[DESCRIPTION OF THE TASK]: Transcribe all records exactly; omit pictures.

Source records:
======
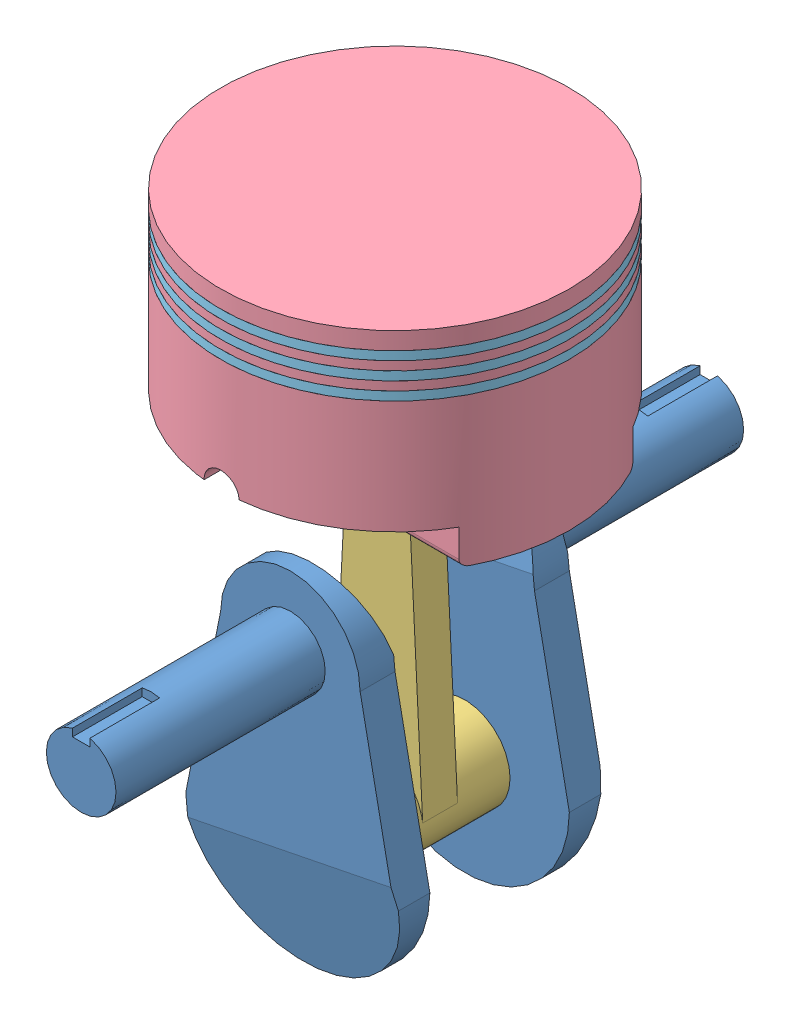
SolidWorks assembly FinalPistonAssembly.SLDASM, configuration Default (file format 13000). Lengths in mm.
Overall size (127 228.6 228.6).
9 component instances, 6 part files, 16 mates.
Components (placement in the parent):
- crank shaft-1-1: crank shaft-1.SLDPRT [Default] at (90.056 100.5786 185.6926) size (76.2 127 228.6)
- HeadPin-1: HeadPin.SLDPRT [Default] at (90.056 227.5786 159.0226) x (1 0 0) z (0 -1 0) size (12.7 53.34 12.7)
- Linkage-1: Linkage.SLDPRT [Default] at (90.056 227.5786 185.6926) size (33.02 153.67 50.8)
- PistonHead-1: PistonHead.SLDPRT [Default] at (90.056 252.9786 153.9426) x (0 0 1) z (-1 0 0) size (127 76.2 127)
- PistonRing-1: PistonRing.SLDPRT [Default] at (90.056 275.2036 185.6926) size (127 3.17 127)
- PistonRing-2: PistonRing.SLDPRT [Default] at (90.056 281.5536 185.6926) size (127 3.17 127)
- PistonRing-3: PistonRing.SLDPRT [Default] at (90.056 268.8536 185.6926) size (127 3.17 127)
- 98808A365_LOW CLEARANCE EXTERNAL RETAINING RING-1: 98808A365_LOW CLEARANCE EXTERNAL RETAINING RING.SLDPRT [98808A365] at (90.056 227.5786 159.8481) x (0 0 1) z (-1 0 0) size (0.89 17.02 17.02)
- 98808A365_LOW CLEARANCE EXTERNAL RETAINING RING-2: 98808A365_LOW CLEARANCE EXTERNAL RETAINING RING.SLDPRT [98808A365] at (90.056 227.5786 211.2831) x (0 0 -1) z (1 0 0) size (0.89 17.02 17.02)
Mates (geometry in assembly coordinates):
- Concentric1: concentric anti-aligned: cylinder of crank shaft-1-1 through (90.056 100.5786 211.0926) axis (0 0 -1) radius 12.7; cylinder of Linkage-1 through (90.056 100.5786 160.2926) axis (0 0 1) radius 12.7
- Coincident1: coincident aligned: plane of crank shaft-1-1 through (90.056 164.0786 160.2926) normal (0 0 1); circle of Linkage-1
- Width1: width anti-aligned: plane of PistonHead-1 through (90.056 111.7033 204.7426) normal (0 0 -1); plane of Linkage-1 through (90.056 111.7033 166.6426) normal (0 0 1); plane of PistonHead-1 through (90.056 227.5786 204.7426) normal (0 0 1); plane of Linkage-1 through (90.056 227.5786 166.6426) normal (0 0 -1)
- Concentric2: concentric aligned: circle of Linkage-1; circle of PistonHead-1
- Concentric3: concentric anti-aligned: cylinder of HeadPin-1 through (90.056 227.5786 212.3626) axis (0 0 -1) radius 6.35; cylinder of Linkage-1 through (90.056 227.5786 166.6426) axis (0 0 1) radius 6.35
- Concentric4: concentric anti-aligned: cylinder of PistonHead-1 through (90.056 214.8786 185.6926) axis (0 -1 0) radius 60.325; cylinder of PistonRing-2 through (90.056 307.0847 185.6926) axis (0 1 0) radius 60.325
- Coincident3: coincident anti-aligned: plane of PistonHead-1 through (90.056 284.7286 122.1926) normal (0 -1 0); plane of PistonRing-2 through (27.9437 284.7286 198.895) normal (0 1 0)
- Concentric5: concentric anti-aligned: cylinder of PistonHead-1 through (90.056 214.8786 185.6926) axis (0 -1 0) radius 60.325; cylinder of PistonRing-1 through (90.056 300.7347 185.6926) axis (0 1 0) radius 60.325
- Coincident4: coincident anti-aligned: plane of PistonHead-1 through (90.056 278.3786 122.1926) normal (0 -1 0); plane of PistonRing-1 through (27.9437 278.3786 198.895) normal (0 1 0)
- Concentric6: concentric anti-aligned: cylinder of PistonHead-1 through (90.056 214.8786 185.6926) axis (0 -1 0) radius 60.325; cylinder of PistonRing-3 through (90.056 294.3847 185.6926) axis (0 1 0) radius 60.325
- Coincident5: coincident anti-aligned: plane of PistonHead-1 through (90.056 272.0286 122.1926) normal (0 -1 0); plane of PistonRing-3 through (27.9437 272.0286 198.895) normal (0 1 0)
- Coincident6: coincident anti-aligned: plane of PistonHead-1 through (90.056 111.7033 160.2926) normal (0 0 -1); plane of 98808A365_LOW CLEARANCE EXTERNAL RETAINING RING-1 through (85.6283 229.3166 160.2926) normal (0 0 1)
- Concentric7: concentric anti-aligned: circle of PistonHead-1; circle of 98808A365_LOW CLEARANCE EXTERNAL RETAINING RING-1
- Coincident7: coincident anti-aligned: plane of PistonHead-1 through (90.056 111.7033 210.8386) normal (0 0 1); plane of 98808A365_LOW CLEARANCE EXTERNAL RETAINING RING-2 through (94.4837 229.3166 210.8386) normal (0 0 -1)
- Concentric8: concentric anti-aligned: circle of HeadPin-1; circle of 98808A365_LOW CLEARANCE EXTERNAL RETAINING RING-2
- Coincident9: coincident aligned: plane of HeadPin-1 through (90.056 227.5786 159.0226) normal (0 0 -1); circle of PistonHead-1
======
[OUTPUT FOR THIS EXERCISE]:
SolidWorks assembly FinalPistonAssembly.SLDASM, configuration Default (file format 13000). Lengths in mm.
Overall size (127 228.6 228.6).
9 component instances, 6 part files, 16 mates.
Components (placement in the parent):
- crank shaft-1-1: crank shaft-1.SLDPRT [Default] at (90.056 100.5786 185.6926) size (76.2 127 228.6)
- HeadPin-1: HeadPin.SLDPRT [Default] at (90.056 227.5786 159.0226) x (1 0 0) z (0 -1 0) size (12.7 53.34 12.7)
- Linkage-1: Linkage.SLDPRT [Default] at (90.056 227.5786 185.6926) size (33.02 153.67 50.8)
- PistonHead-1: PistonHead.SLDPRT [Default] at (90.056 252.9786 153.9426) x (0 0 1) z (-1 0 0) size (127 76.2 127)
- PistonRing-1: PistonRing.SLDPRT [Default] at (90.056 275.2036 185.6926) size (127 3.17 127)
- PistonRing-2: PistonRing.SLDPRT [Default] at (90.056 281.5536 185.6926) size (127 3.17 127)
- PistonRing-3: PistonRing.SLDPRT [Default] at (90.056 268.8536 185.6926) size (127 3.17 127)
- 98808A365_LOW CLEARANCE EXTERNAL RETAINING RING-1: 98808A365_LOW CLEARANCE EXTERNAL RETAINING RING.SLDPRT [98808A365] at (90.056 227.5786 159.8481) x (0 0 1) z (-1 0 0) size (0.89 17.02 17.02)
- 98808A365_LOW CLEARANCE EXTERNAL RETAINING RING-2: 98808A365_LOW CLEARANCE EXTERNAL RETAINING RING.SLDPRT [98808A365] at (90.056 227.5786 211.2831) x (0 0 -1) z (1 0 0) size (0.89 17.02 17.02)
Mates (geometry in assembly coordinates):
- Concentric1: concentric anti-aligned: cylinder of crank shaft-1-1 through (90.056 100.5786 211.0926) axis (0 0 -1) radius 12.7; cylinder of Linkage-1 through (90.056 100.5786 160.2926) axis (0 0 1) radius 12.7
- Coincident1: coincident aligned: plane of crank shaft-1-1 through (90.056 164.0786 160.2926) normal (0 0 1); circle of Linkage-1
- Width1: width anti-aligned: plane of PistonHead-1 through (90.056 111.7033 204.7426) normal (0 0 -1); plane of Linkage-1 through (90.056 111.7033 166.6426) normal (0 0 1); plane of PistonHead-1 through (90.056 227.5786 204.7426) normal (0 0 1); plane of Linkage-1 through (90.056 227.5786 166.6426) normal (0 0 -1)
- Concentric2: concentric aligned: circle of Linkage-1; circle of PistonHead-1
- Concentric3: concentric anti-aligned: cylinder of HeadPin-1 through (90.056 227.5786 212.3626) axis (0 0 -1) radius 6.35; cylinder of Linkage-1 through (90.056 227.5786 166.6426) axis (0 0 1) radius 6.35
- Concentric4: concentric anti-aligned: cylinder of PistonHead-1 through (90.056 214.8786 185.6926) axis (0 -1 0) radius 60.325; cylinder of PistonRing-2 through (90.056 307.0847 185.6926) axis (0 1 0) radius 60.325
- Coincident3: coincident anti-aligned: plane of PistonHead-1 through (90.056 284.7286 122.1926) normal (0 -1 0); plane of PistonRing-2 through (27.9437 284.7286 198.895) normal (0 1 0)
- Concentric5: concentric anti-aligned: cylinder of PistonHead-1 through (90.056 214.8786 185.6926) axis (0 -1 0) radius 60.325; cylinder of PistonRing-1 through (90.056 300.7347 185.6926) axis (0 1 0) radius 60.325
- Coincident4: coincident anti-aligned: plane of PistonHead-1 through (90.056 278.3786 122.1926) normal (0 -1 0); plane of PistonRing-1 through (27.9437 278.3786 198.895) normal (0 1 0)
- Concentric6: concentric anti-aligned: cylinder of PistonHead-1 through (90.056 214.8786 185.6926) axis (0 -1 0) radius 60.325; cylinder of PistonRing-3 through (90.056 294.3847 185.6926) axis (0 1 0) radius 60.325
- Coincident5: coincident anti-aligned: plane of PistonHead-1 through (90.056 272.0286 122.1926) normal (0 -1 0); plane of PistonRing-3 through (27.9437 272.0286 198.895) normal (0 1 0)
- Coincident6: coincident anti-aligned: plane of PistonHead-1 through (90.056 111.7033 160.2926) normal (0 0 -1); plane of 98808A365_LOW CLEARANCE EXTERNAL RETAINING RING-1 through (85.6283 229.3166 160.2926) normal (0 0 1)
- Concentric7: concentric anti-aligned: circle of PistonHead-1; circle of 98808A365_LOW CLEARANCE EXTERNAL RETAINING RING-1
- Coincident7: coincident anti-aligned: plane of PistonHead-1 through (90.056 111.7033 210.8386) normal (0 0 1); plane of 98808A365_LOW CLEARANCE EXTERNAL RETAINING RING-2 through (94.4837 229.3166 210.8386) normal (0 0 -1)
- Concentric8: concentric anti-aligned: circle of HeadPin-1; circle of 98808A365_LOW CLEARANCE EXTERNAL RETAINING RING-2
- Coincident9: coincident aligned: plane of HeadPin-1 through (90.056 227.5786 159.0226) normal (0 0 -1); circle of PistonHead-1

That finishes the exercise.